Quit YELLING at Your Kids!

Angry Woman yelling

Have you ever been in public and overheard a parent yelling at a child? It makes me cringe, and my heart aches for the child. Maybe you’ve been that parent who feels overwhelmed, and your anger erupts into yelling. Let’s be honest, parenting can be really hard sometimes, and I’d wager to guess that most of us have yelled at our kids occasionally. Parenting takes you to greatest highs of emotions, but it can also take you to places of more extreme frustration and anger than you thought possible. You’re not the only parent who has ever yelled at their kids, but if it’s a pattern, please know that it is possible to find an alternative.

My father was the sweetest, most nurturing dad 95% of the time, but when he lost his temper, he could yell with the best of them. I was a sensitive kid, and it positively terrified me. It’s often a model of parenting handed down from generation to generation. If you saw your parents yell when things got to be too much, you assume that’s the way adults handle anger. When I became a parent, I knew that was a pattern I didn’t want to carry into the next generation.

My dad didn’t yell very often, but when he did, I was scared of him. He was supposed to be the rock of stability, but his anger made me feel insecure, and I wanted to distance myself from him. Research shows that kids who are yelled at frequently have more of a tendency toward depression, anxiety, and aggression. If yelling is a constant noise in their head, a child tends to tune a parent’s voice out completely. It’s not emotionally or physically healthy for a child to constantly remain in fight or flight state.

Strategies to Help Curb Yelling

Knowing the facts about the negative effects of yelling is a good start. It’s also useful to have a plan to know what to do when you feel your emotions bubbling up to the surface. Here are a few strategies to deal with your anger and frustration instead of yelling.

Give yourself a timeout.

On one occasion, I had to stand on the porch and count to ten before I regained my composure and could go back in to handle the situation a little calmer. It might help to splash your face with cold water, run around the block, or call a friend. Have a plan so you’ll be prepared when you feel your anger rising.

Know your triggers and prepare.

Is it the time between getting home from work and dinner when everyone (including you) starts to have a meltdown? Maybe you can find a strategy that gets you through that stressful period, like scheduling the kids thirty minutes of screen time while you unwind?

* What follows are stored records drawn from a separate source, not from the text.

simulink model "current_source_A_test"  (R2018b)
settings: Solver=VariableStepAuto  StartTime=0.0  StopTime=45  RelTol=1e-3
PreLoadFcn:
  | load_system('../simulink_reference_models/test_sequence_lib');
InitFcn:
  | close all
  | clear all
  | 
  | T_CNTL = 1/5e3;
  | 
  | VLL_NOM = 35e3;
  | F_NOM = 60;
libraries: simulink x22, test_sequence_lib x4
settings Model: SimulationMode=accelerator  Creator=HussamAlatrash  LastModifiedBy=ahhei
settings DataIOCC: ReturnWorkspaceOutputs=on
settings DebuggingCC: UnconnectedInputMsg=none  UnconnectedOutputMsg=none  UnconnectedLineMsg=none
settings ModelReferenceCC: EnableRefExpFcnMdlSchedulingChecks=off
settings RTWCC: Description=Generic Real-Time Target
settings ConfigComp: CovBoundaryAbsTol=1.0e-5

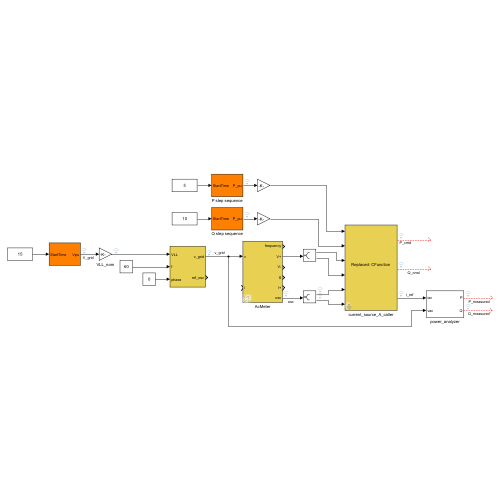
[thumbnail: Simulink's stored preview of the top-level diagram]
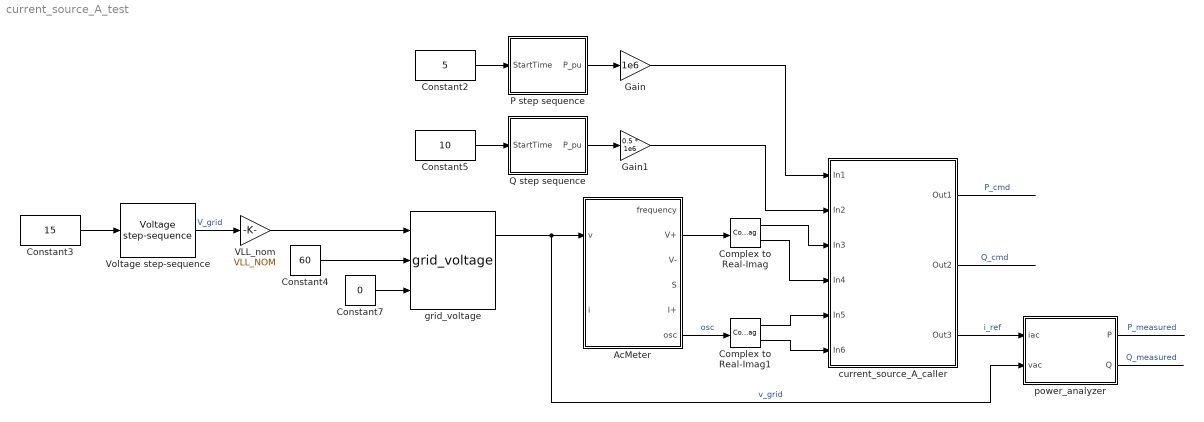
== system current_source_A_test ==
  AcMeter : Subsystem  AncestorBlock=test_sequence_lib/AcMeter
  Complex to Real-Imag : ComplexToRealImag
  Complex to Real-Imag1 : ComplexToRealImag
  Constant2 : Constant  Value=5
  Constant3 : Constant  Value=15
  Constant4 : Constant  Value=60
  Constant5 : Constant  Value=10
  Constant7 : Constant  Value=0
  Gain : Gain  Gain=1e6
  Gain1 : Gain  Gain=0.5 * 1e6
  P step sequence : Subsystem
  Q step sequence : Subsystem
  VLL_nom : Gain  Gain=VLL_NOM
  Voltage step-sequence : test_sequence_lib/Voltage step-sequence  SystemSampleTime=-1  EmptyChoice=off  PassThrough=off  PassThroughVariantControl=(default)  EmptyChoiceVariantControl=(default)  Latency=0  AutoFrameSizeCalculation=off
  current_source_A_caller : Subsystem  Description=Replaced Block  mask(Replaced Block){}
      mask help: This block has been replaced with an empty subsystem because it used functionality that is unavailable in Simulink R2018b.
      mask Display: fprintf('Replaced: %s\n','CFunction')
  grid_voltage : test_sequence_lib/grid_voltage  SystemSampleTime=-1  EmptyChoice=off  PassThrough=off  PassThroughVariantControl=(default)  EmptyChoiceVariantControl=(default)  Latency=0  AutoFrameSizeCalculation=off
  power_analyzer : Subsystem
  wires:
  Constant3/1 -> Voltage step-sequence/1
  grid_voltage/1 -> power_analyzer/2(vac), AcMeter/1(v)  "v_grid"
  VLL_nom/1 -> grid_voltage/1
  AcMeter/2(V+) -> Complex to Real-Imag/1
  Complex to Real-Imag/1 -> current_source_A_caller/3(In3)
  Complex to Real-Imag/2 -> current_source_A_caller/4(In4)
  Complex to Real-Imag1/1 -> current_source_A_caller/5(In5)
  Complex to Real-Imag1/2 -> current_source_A_caller/6(In6)
  AcMeter/6(osc) -> Complex to Real-Imag1/1  "osc"
  current_source_A_caller/3(Out3) -> power_analyzer/1(iac)  "i_ref"
  Gain/1 -> current_source_A_caller/1(In1)
  Gain1/1 -> current_source_A_caller/2(In2)
  Voltage step-sequence/1 -> VLL_nom/1  "V_grid"
  power_analyzer/1(P) -> ?  "P_measured"
  power_analyzer/2(Q) -> ?  "Q_measured"
  Constant7/1 -> grid_voltage/3
  Constant4/1 -> grid_voltage/2
  current_source_A_caller/2(Out2) -> ?  "Q_cmd"
  current_source_A_caller/1(Out1) -> ?  "P_cmd"
  Constant2/1 -> P step sequence/1(StartTime)
  Constant5/1 -> Q step sequence/1(StartTime)
  P step sequence/1(P_pu) -> Gain/1
  Q step sequence/1(P_pu) -> Gain1/1

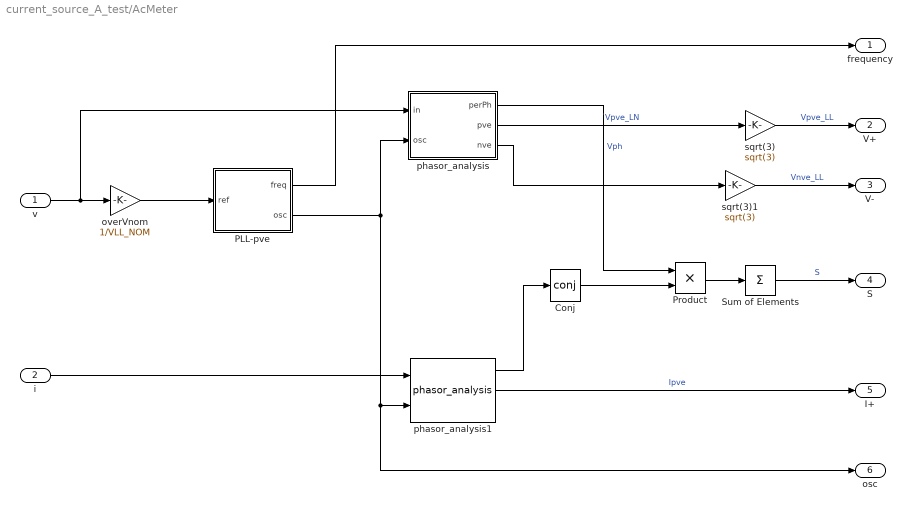
== system current_source_A_test/AcMeter ==
  v : Inport
  i : Inport  Port=2
  Conj : Math  Operator=conj  SaturateOnIntegerOverflow=on
  PLL-pve : Subsystem
  Product : Product
  Sum of Elements : Sum  Inputs=+
  overVnom : Gain  Gain=1/VLL_NOM
  phasor_analysis : Subsystem
  phasor_analysis1 : test_sequence_lib/AcMeter/phasor_analysis  SystemSampleTime=-1  EmptyChoice=off  PassThrough=off  PassThroughVariantControl=(default)  EmptyChoiceVariantControl=(default)  Latency=0  AutoFrameSizeCalculation=off
  sqrt(3) : Gain  Gain=sqrt(3)
  sqrt(3)1 : Gain  Gain=sqrt(3)
  frequency : Outport
  V+ : Outport  Port=2
  V- : Outport  Port=3
  S : Outport  Port=4
  I+ : Outport  Port=5
  osc : Outport  Port=6
  wires:
  PLL-pve/2(osc) -> phasor_analysis/2(osc), osc/1, phasor_analysis1/2
  phasor_analysis/1(perPh) -> Product/1  "Vph"
  Sum of Elements/1 -> S/1  "S"
  v/1 -> overVnom/1, phasor_analysis/1(in)
  PLL-pve/1(freq) -> frequency/1
  phasor_analysis1/1 -> Conj/1
  overVnom/1 -> PLL-pve/1(ref)
  Conj/1 -> Product/2
  Product/1 -> Sum of Elements/1
  phasor_analysis/2(pve) -> sqrt(3)/1  "Vpve_LN"
  phasor_analysis/3(nve) -> sqrt(3)1/1
  phasor_analysis1/2 -> I+/1  "Ipve"
  sqrt(3)1/1 -> V-/1  "Vnve_LL"
  i/1 -> phasor_analysis1/1
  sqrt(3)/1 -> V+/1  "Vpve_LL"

For me, bedtime was a trigger. My solution was to adopt a strict bedtime routine. After an adjustment period, my kids knew what to expect and seemed to accept bedtime instead of fighting it. Knowing the end of the day was close kept me hanging on just a few more minutes, dreaming about the Snickers bar and good book waiting for me.

Read about appropriate developmental behaviors for your child’s age.

Sometimes we expect something our child isn’t capable of doing, which leads to frustration. Knowing a two-year-old isn’t having a potty accident because they’re being difficult, but because that’s what two-year-olds do, can help us stay calm.

Sometimes it’s about us, not them.

If you don’t get a good night’s sleep or have work problems or marriage struggles, those factors can affect the ability to control your temper. One evening, during bath time, my two- and three-year-old daughters were just doing what two toddlers do in the bathtub: being rambunctious. I was in the middle of a stressful divorce from their dad, and I yelled at them. I will never forget the shock and fear on their little faces. My anger wasn’t even about them, which leads me to the next point.

We aren’t perfect, and that’s ok.

If you yell at your kids, find a quiet moment and apologize. Depending on their age, you may offer a simple explanation that you were having a bad day and you are sorry you lost control and yelled. Follow up with this powerful question, “Will you please forgive me?”

Consider seeing a therapist.

If you feel like your yelling is coming from a place of more profound issues or has become something that feels like something you can no longer control, please see a therapist who can help.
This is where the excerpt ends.